Allan Gray’s music perfectly blends in with the sound of bells at the beginning and end. And his angelic choir perfectly expresses the mystery of the landscape, the spirit of place. There is also a social dimension here. The contrast of the city with the countryside. A nascent ecological consciousness is evident, embodied in Colpepper’s favoured reading, Soil and Soul. Colpepper is religious figure with a decidedly ancient aspect. Michael Powell noted of Eric Portman’s Culpepper that he ‘had the face of a medieval ascetic’, which ‘could quite easily have been torn out of a medieval manuscript’. This medieval aspect also plays into the misogyny of the glueman, his historical refusal to acknowledge the place of women in society (although the glue also acts as a metaphor for social cohesion, and for the pouring in of knowledge and learning), This is seen in his refusal to allow women to work on his farm. The film acts as a rebalancing of this divisive vision of the past. Through his observation of women at work, and their lack of fear (none of the ‘victims’ of the glueman whom Alison interviews, all engaged in active and responsible working roles, express anything more than irritation at his activities) he learns as well; as he does through his relationship with Alison.

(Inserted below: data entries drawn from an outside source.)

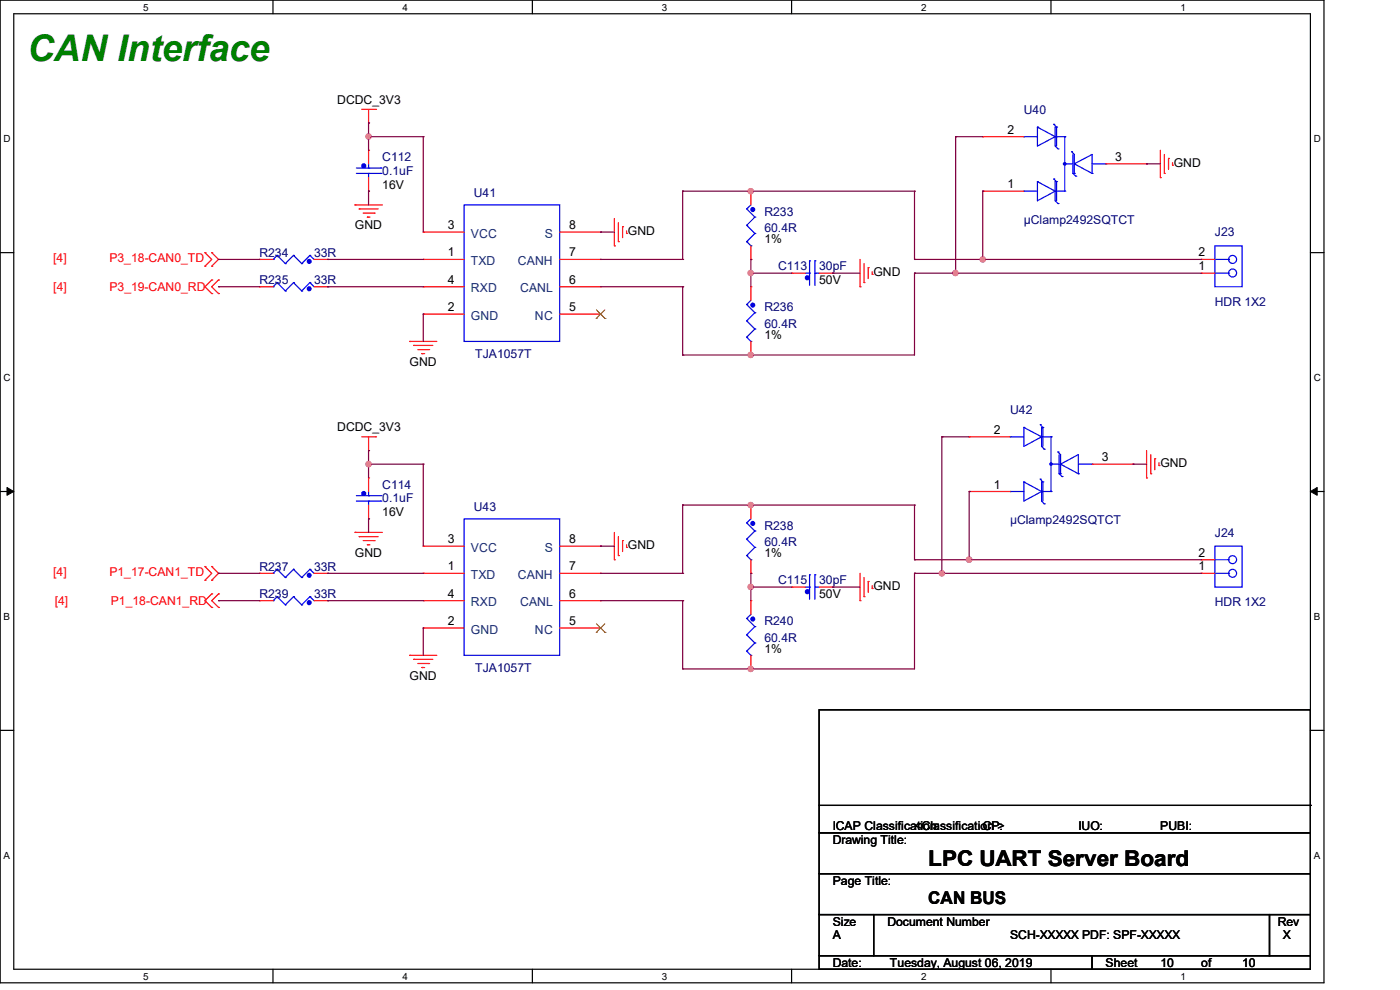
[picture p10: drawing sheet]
<svg xmlns="http://www.w3.org/2000/svg" width="297mm" height="210mm" viewBox="0 0 297 210" stroke-linecap="round" stroke-linejoin="round" font-family="sans-serif">
<path d="M0 0h280.9v208.5h-280.9zM2.9 2.9h275.1v202.7h-275.1z" fill="none" stroke="#000" stroke-width=".25"/>
<g fill="#fff">
<path d="M30.4 .3h1.1v2.4h-1.1z"/>
<path d="M30.4 205.9h1.1v2.3h-1.1z"/>
</g>
<path d="M57.9 0v2.9M57.9 205.6v2.9" fill="none" stroke="#000" stroke-width=".25"/>
<g fill="#fff">
<path d="M85.4 .3h1.1v2.4h-1.1z"/>
<path d="M85.4 205.9h1.1v2.3h-1.1z"/>
</g>
<path d="M112.9 0v2.9M112.9 205.6v2.9" fill="none" stroke="#000" stroke-width=".25"/>
<g fill="#fff">
<path d="M140.4 .3h1.2v2.4h-1.2z"/>
<path d="M140.4 205.9h1.2v2.3h-1.2z"/>
</g>
<path d="M167.9 0v2.9M167.9 205.6v2.9" fill="none" stroke="#000" stroke-width=".25"/>
<g fill="#fff">
<path d="M195.4 .3h1.2v2.4h-1.2z"/>
<path d="M195.4 205.9h1.2v2.3h-1.2z"/>
</g>
<path d="M223 0v2.9M223 205.6v2.9" fill="none" stroke="#000" stroke-width=".25"/>
<g fill="#fff">
<path d="M250.4 .3h1.2v2.4h-1.2z"/>
<path d="M250.4 205.9h1.2v2.3h-1.2z"/>
<path d="M.8 28.2h1.4v2.4h-1.4z"/>
<path d="M278.7 28.2h1.5v2.4h-1.5z"/>
<path d="M.8 78.9h1.4v2.3h-1.4z"/>
<path d="M278.7 78.9h1.5v2.3h-1.5z"/>
</g>
<path d="M0 53.6h2.9M278 53.6h2.9" fill="none" stroke="#000" stroke-width=".25"/>
<g fill="#fff">
<path d="M.8 129.6h1.3v2.3h-1.3z"/>
<path d="M278.7 129.6h1.4v2.3h-1.4z"/>
</g>
<path d="M0 104.3h2.9M278 104.3h2.9" fill="none" stroke="#000" stroke-width=".25"/>
<path d="M1.5 103.4l1.4 .9-1.4 .8zM278 104.3l1.4-.9v1.7z" fill="#000" stroke="#000" stroke-width=".21"/>
<g fill="#fff">
<path d="M.8 180.3h1.3v2.3h-1.3z"/>
<path d="M278.7 180.3h1.4v2.3h-1.4z"/>
</g>
<path d="M0 154.9h2.9M173.8 150.6h104.2v26.1h-104.2zM278 154.9h2.9M173.8 176.7h104.2v8.6h-104.2zM173.8 170.9h104.2M278 170.9h.1M173.8 185.3h104.2v8.7h-104.2zM173.8 194h11.5v8.7h-11.5zM185.3 194h84v8.7h-84zM269.3 194h8.7v8.7h-8.7zM173.8 202.7h57.9v2.9h-57.9zM231.7 202.7h46.3v2.9h-46.3z" fill="none" stroke="#000" stroke-width=".25"/>
<g fill="none" stroke="#f00" stroke-width=".25">
<path d="M76.8 23.2h2.9M78.2 26.1h.1M78.2 31.9h.1M78.2 23.2v2.9M78.2 31.9v2.9M78.2 37.7v2.9M79.7 23.2h.1M208.5 29h.1M208.5 29h8.7M234.6 34.8h8.6M243.2 34.8h.1M246.2 37.7h.1"/>
<path d="M246.2 31.9v5.8M247 36.8h.1M247 32.8v4M247.9 33.6h.1M247.9 33.6v2.3M248.8 35.1h.1M248.8 34.5v.6M43.5 53.6h.1M43.5 56.5h.1M43.5 53.6l1.4 1.4-1.4 1.5M44.9 59.4h.1M44.9 56.5h.1"/>
<path d="M44.9 53.6h.1M44.9 59.4l-1.4 1.4 1.4 1.5M44.9 53.6l1.5 1.4-1.5 1.5M46.4 59.4h.1M46.4 59.4l-1.5 1.4 1.5 1.5M55 55h.1M55 55h3M66.6 55h2.9M69.5 55h.1M75.3 43.5h.1M75.3 43.5h5.8M76.2 44.3h.1"/>
<path d="M76.2 44.3h4M77 45.2h2.4M77.9 46.1h.1M77.9 46.1h.6M78.2 40.6h.1M79.4 45.2h.1M89.8 55h.1M89.8 49.2h.1M89.8 55h8.7M89.8 49.2h8.7M118.7 55h8.7M118.7 49.2h8.7"/>
<path d="M127.4 55h.1M127.4 49.2h.1M130.3 52.2h.1M130.3 46.4v5.8M131.2 51.3h.1M131.2 47.2v4.1M132.1 48.1h.1M132.1 48.1v2.3M132.9 49.5h.1M132.9 49v.5M159.3 40.6h.1M159.3 55h.1"/>
<path d="M159.3 40.6v2.9M159.3 52.2v2.8M168 58h.1M168 58h2.9M173.8 58h2.9M176.7 58h.1M182.5 55v5.8M183.3 59.9h.1M183.3 55.9v4M184.2 56.8h.1M184.2 56.8v2.3M185 58.2h.1"/>
<path d="M185 57.7v.5M208.5 40.6h.1M208.5 40.6h8.7M254.8 58h.1M254.8 55h.1M254.8 58h2.9M254.8 55h2.9M44.9 62.3h.1M46.4 62.3h.1M55 60.8h.1M55 60.8h3M66.6 60.8h2.9"/>
<path d="M69.5 60.8h.1M86.9 72.4h.1M86.9 72.4h5.8M87.8 73.3h.1M87.8 73.3h4M88.6 74.2h2.3M89.5 75h.1M89.5 75h.6M89.8 60.8h.1M89.8 66.6h.1M89.8 60.8h8.7M89.8 66.6h8.7"/>
<path d="M90.9 74.2h.1M118.7 60.8h8.7M118.7 66.6h8.7M127.4 66.6h.1M127.4 60.8h.1M159.3 60.8h.1M159.3 75.3h.1M159.3 60.8v2.9M159.3 72.4v2.9M182.5 60.8h.1M76.8 92.7h2.9M78.2 95.6h.1"/>
<path d="M78.2 92.7v2.9M79.7 92.7h.1M205.6 92.7h.1M205.6 92.7h8.7M231.7 98.5h8.7M240.4 98.5h.1M243.2 95.6v5.8M244.1 96.4v4.1M245 97.3h.1M245 97.3v2.4M245.9 98.8h.1M245.9 98.2v.6"/>
<path d="M75.3 112.9h.1M75.3 112.9h5.8M76.2 113.8h.1M76.2 113.8h4M77 114.7h2.4M77.9 115.6h.1M77.9 115.6h.6M78.2 101.4h.1M78.2 110.1h.1M78.2 101.4v2.9M78.2 107.1v3M79.4 114.7h.1"/>
<path d="M89.8 115.9h.1M89.8 115.9h8.7M118.7 115.9h8.7M127.4 115.9h.1M130.3 118.7h.1M130.3 112.9v5.8M131.2 117.9h.1M131.2 113.8v4.1M132.1 114.7h.1M132.1 114.7v2.3M132.9 116.1h.1M132.9 115.6v.5"/>
<path d="M159.3 107.1h.1M159.3 107.1v3M159.3 118.7v2.9M205.6 104.3h.1M205.6 104.3h8.7M243.2 101.4h.1M244.1 100.5h.1M254.8 118.7h.1M254.8 118.7h2.9M43.5 120.2h.1M43.5 123.1h.1M43.5 120.2l1.4 1.4-1.4 1.5"/>
<path d="M44.9 126h.1M44.9 128.9h.1M44.9 123.1h.1M44.9 120.2h.1M44.9 126l-1.4 1.4 1.4 1.5M44.9 120.2l1.5 1.4-1.5 1.5M46.4 128.9h.1M46.4 126h.1M46.4 126l-1.5 1.4 1.5 1.5M55 121.6h.1M55 127.4h.1M55 121.6h3"/>
<path d="M55 127.4h3M66.6 121.6h2.9M66.6 127.4h2.9M69.5 121.6h.1M69.5 127.4h.1M86.9 139h.1M86.9 139h5.8M87.8 139.9h.1M87.8 139.9h4M89.8 121.6h.1M89.8 127.4h.1M89.8 133.2h.1"/>
<path d="M89.8 121.6h8.7M89.8 127.4h8.7M89.8 133.2h8.7M118.7 121.6h8.7M118.7 127.4h8.7M118.7 133.2h8.7M127.4 133.2h.1M127.4 127.4h.1M127.4 121.6h.1M159.3 121.6h.1M159.3 127.4h.1M159.3 127.4v2.9"/>
<path d="M159.3 139v2.9M168 124.5h.1M168 124.5h2.9M173.8 124.5h2.9M176.7 124.5h.1M182.5 127.4h.1M182.5 121.6v5.8M183.3 126.6h.1M183.3 122.5v4.1M184.2 123.4h.1M184.2 123.4v2.3M185 124.8h.1"/>
<path d="M185 124.2v.6M254.8 121.6h.1M254.8 121.6h2.9M88.6 140.8h2.3M89.5 141.6h.1M89.5 141.6h.6M90.9 140.8h.1M159.3 141.9h.1"/>
</g>
<g fill="none" stroke="#00f" stroke-width=".25">
<path d="M75.6 36.8h5.2M75.6 35.6h5.2M78.2 36.8h.1M78.2 35.6h.1M78.2 34.8v.8M78.2 36.8v.9M80.8 36.8h.1M80.8 35.6h.1M217.2 29h.1M217.2 29h2.9M220.1 38.5h.1M220.1 27h.1"/>
<path d="M220.1 27v4l3.8-2M220.1 38.5v4.1l3.8-2M220.1 38.5l3.8 2.1M220.1 27l3.8 2M223.6 38h.1M223.6 26.4h.1M223.6 38l.6 .5M223.6 26.4l.6 .6M223.9 38.5h.1M223.9 29h.1M223.9 27h.1M223.9 27v4l.6 .6"/>
<path d="M223.9 38.5v4.1l.6 .6M224.2 38.5h.1M224.2 27h.1M224.2 27v4M224.2 38.5v4.1M224.2 29h1.7M224.5 31.6h.1M225.9 29h.1M225.9 34.8h.1M225.9 29v11.6M225.9 34.8h1.7M227.3 32.2h.1"/>
<path d="M227.3 32.2l.6 .6v4M227.6 36.8h.1M227.6 36.8l.6 .6M227.6 32.8v4M227.9 34.8h.1M227.9 36.8h.1M227.9 34.8l3.8 2M227.9 34.8l3.8-2v4M228.2 37.4h.1M231.7 36.8h.1M231.7 34.8h2.9M234.6 34.8h.1"/>
<path d="M58 55h.1M58.8 54.2h.1M58.8 59.9h.1M58.8 54.2l1.7 1.7M58.8 54.2l-.8 .8M58.8 59.9l1.7 1.8M58.8 59.9l-.8 .9M60.5 55.9h.1M62.3 54.2h.1M62.3 59.9h.1M62.3 54.2l1.7 1.7M62.3 54.2l-1.8 1.7"/>
<path d="M62.3 59.9l1.7 1.8M62.3 59.9l-1.8 1.8M64 55.9h.1M65.7 54.2h.1M65.7 59.9h.1M65.7 54.2l.9 .8M65.7 54.2l-1.7 1.7M65.7 59.9l.9 .9M65.7 59.9l-1.7 1.8M98.5 43.5h20.2v28.9h-20.2zM158.4 44.3h.1M158.4 47.8h.1"/>
<path d="M158.4 51.3h.1M158.4 44.3l1.7 1.8M158.4 47.8l1.7 1.7M158.4 51.3l.9 .9M159.3 52.2h.1M159.3 43.5l-.9 .8M160.1 46.1h.1M160.1 49.5h.1M160.1 46.1l-1.7 1.7M160.1 49.5l-1.7 1.8M170.9 58h.8M171.7 55.3h.1"/>
<path d="M171.7 58h.1M171.7 55.3v5.2M172.9 55.3h.1M172.9 58h.1M172.9 58h.9M172.9 55.3v5.2M217.2 40.6h.1M217.2 40.6h2.9M223.9 40.6h.1M224.2 40.6h1.7M224.5 43.2h.1M225.9 40.6h.1"/>
<path d="M257.7 52.2h5.8v8.6h-5.8zM257.7 58h2.9M257.7 55h2.9M260.6 58h.1M260.6 55h.1M58 60.8h.1M60.5 61.7h.1M64 61.7h.1M158.4 64.6h.1M158.4 68.1h.1M158.4 71.5h.1M158.4 64.6l1.7 1.7"/>
<path d="M158.4 68.1l1.7 1.7M158.4 71.5l.9 .9M159.3 72.4h.1M159.3 63.7l-.9 .9M160.1 66.3h.1M160.1 69.8h.1M160.1 66.3l-1.7 1.8M160.1 69.8l-1.7 1.7M214.3 92.7h.1M214.3 92.7h2.9M217.2 90.7h.1M217.2 90.7v4l3.8-2"/>
<path d="M217.2 90.7l3.8 2M220.7 90.1h.1M220.7 90.1l.5 .6M221 92.7h.1M221 90.7h.1M221 90.7v4l.5 .6M221.2 90.7h.1M221.2 90.7v4M221.2 92.7h1.8M221.5 95.3h.1M223 92.7h.1M223 98.5h.1"/>
<path d="M223 92.7v11.6M223 98.5h1.7M224.5 95.9h.1M224.5 95.9l.5 .5v4.1M224.7 96.4v4.1M225 98.5h.1M225 98.5l3.8 2M225 98.5l3.8-2.1v4.1M228.8 98.5h2.9M231.7 98.5h.1M75.6 106.3h5.2M75.6 105.2h5.2"/>
<path d="M78.2 106.3h.1M78.2 105.2h.1M78.2 104.3v.9M78.2 106.3v.8M80.8 106.3h.1M80.8 105.2h.1M98.5 110.1h20.2v28.9h-20.2zM158.4 110.9h.1M158.4 114.4h.1M158.4 117.9h.1M158.4 110.9l1.7 1.7M158.4 114.4l1.7 1.7"/>
<path d="M158.4 117.9l.9 .8M159.3 118.7h.1M159.3 110.1l-.9 .8M160.1 112.6h.1M160.1 116.1h.1M160.1 112.6l-1.7 1.8M160.1 116.1l-1.7 1.8M214.3 104.3h.1M214.3 104.3h2.9M217.2 102.2h.1M217.2 102.2v4.1l3.8-2M217.2 102.2l3.8 2.1"/>
<path d="M220.7 101.6h.1M220.7 101.6l.5 .6M221 104.3h.1M221 102.2h.1M221 102.2v4.1l.5 .6M221.2 102.2h.1M221.2 102.2v4.1M221.2 104.3h1.8M221.5 106.9h.1M223 104.3h.1M224.7 100.5h.1M224.7 100.5l.6 .6"/>
<path d="M225 100.5h.1M225.3 101.1h.1M228.8 100.5h.1M257.7 115.9h5.8v8.6h-5.8zM257.7 118.7h2.9M260.6 118.7h.1M58 121.6h.1M58 127.4h.1M58.8 120.8h.1M58.8 126.6h.1M58.8 120.8l1.7 1.7M58.8 120.8l-.8 .8"/>
<path d="M58.8 126.6l1.7 1.7M58.8 126.6l-.8 .8M60.5 122.5h.1M60.5 128.3h.1M62.3 120.8h.1M62.3 126.6h.1M62.3 120.8l1.7 1.7M62.3 120.8l-1.8 1.7M62.3 126.6l1.7 1.7M62.3 126.6l-1.8 1.7M64 122.5h.1M64 128.3h.1"/>
<path d="M65.7 120.8h.1M65.7 126.6h.1M65.7 120.8l.9 .8M65.7 120.8l-1.7 1.7M65.7 126.6l.9 .8M65.7 126.6l-1.7 1.7M158.4 131.2h.1M158.4 134.7h.1M158.4 138.1h.1M158.4 131.2l1.7 1.7M158.4 134.7l1.7 1.7M158.4 138.1l.9 .9"/>
<path d="M159.3 139h.1M159.3 130.3l-.9 .9M160.1 132.9h.1M160.1 136.4h.1M160.1 132.9l-1.7 1.8M160.1 136.4l-1.7 1.7M170.9 124.5h.8M171.7 121.9h.1M171.7 124.5h.1M171.7 121.9v5.2M172.9 121.9h.1M172.9 124.5h.1"/>
<path d="M172.9 121.9v5.2M172.9 124.5h.9M257.7 121.6h2.9M260.6 121.6h.1"/>
<circle cx="261.5" cy="55" r=".85"/>
<circle cx="261.5" cy="57.9" r=".85"/>
<circle cx="261.5" cy="118.7" r=".85"/>
<circle cx="261.5" cy="121.6" r=".85"/>
</g>
<path d="M126.5 67.6h.1M126.5 65.7l1.9 1.9M128.3 65.7l-1.8 1.9M128.4 67.6h.1M126.5 134.2h.1M126.5 132.3l1.9 1.9M128.3 132.3l-1.8 1.9M128.4 134.2h.1" fill="none" stroke="#804000" stroke-width=".21"/>
<g fill="#00f" stroke="#00f" stroke-width=".25">
<circle cx="65.6" cy="55.5" r=".41"/>
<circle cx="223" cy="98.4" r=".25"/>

In the end, all receive their blessings. The entry into Canterbury is transcendent and really quite profoundly moving. Emeric succeeded completely in his crusade against materialism. Even Colpepper, his sins revealed before him, his confession made, receives some sort of exclulpation, although he stands penitently apart from the crowd. We end with the chiming of the bells and a return to Chaucer. Time transcended. The pilgrim’s way remains open. Enter through the gates and find the truth that lies within your heart.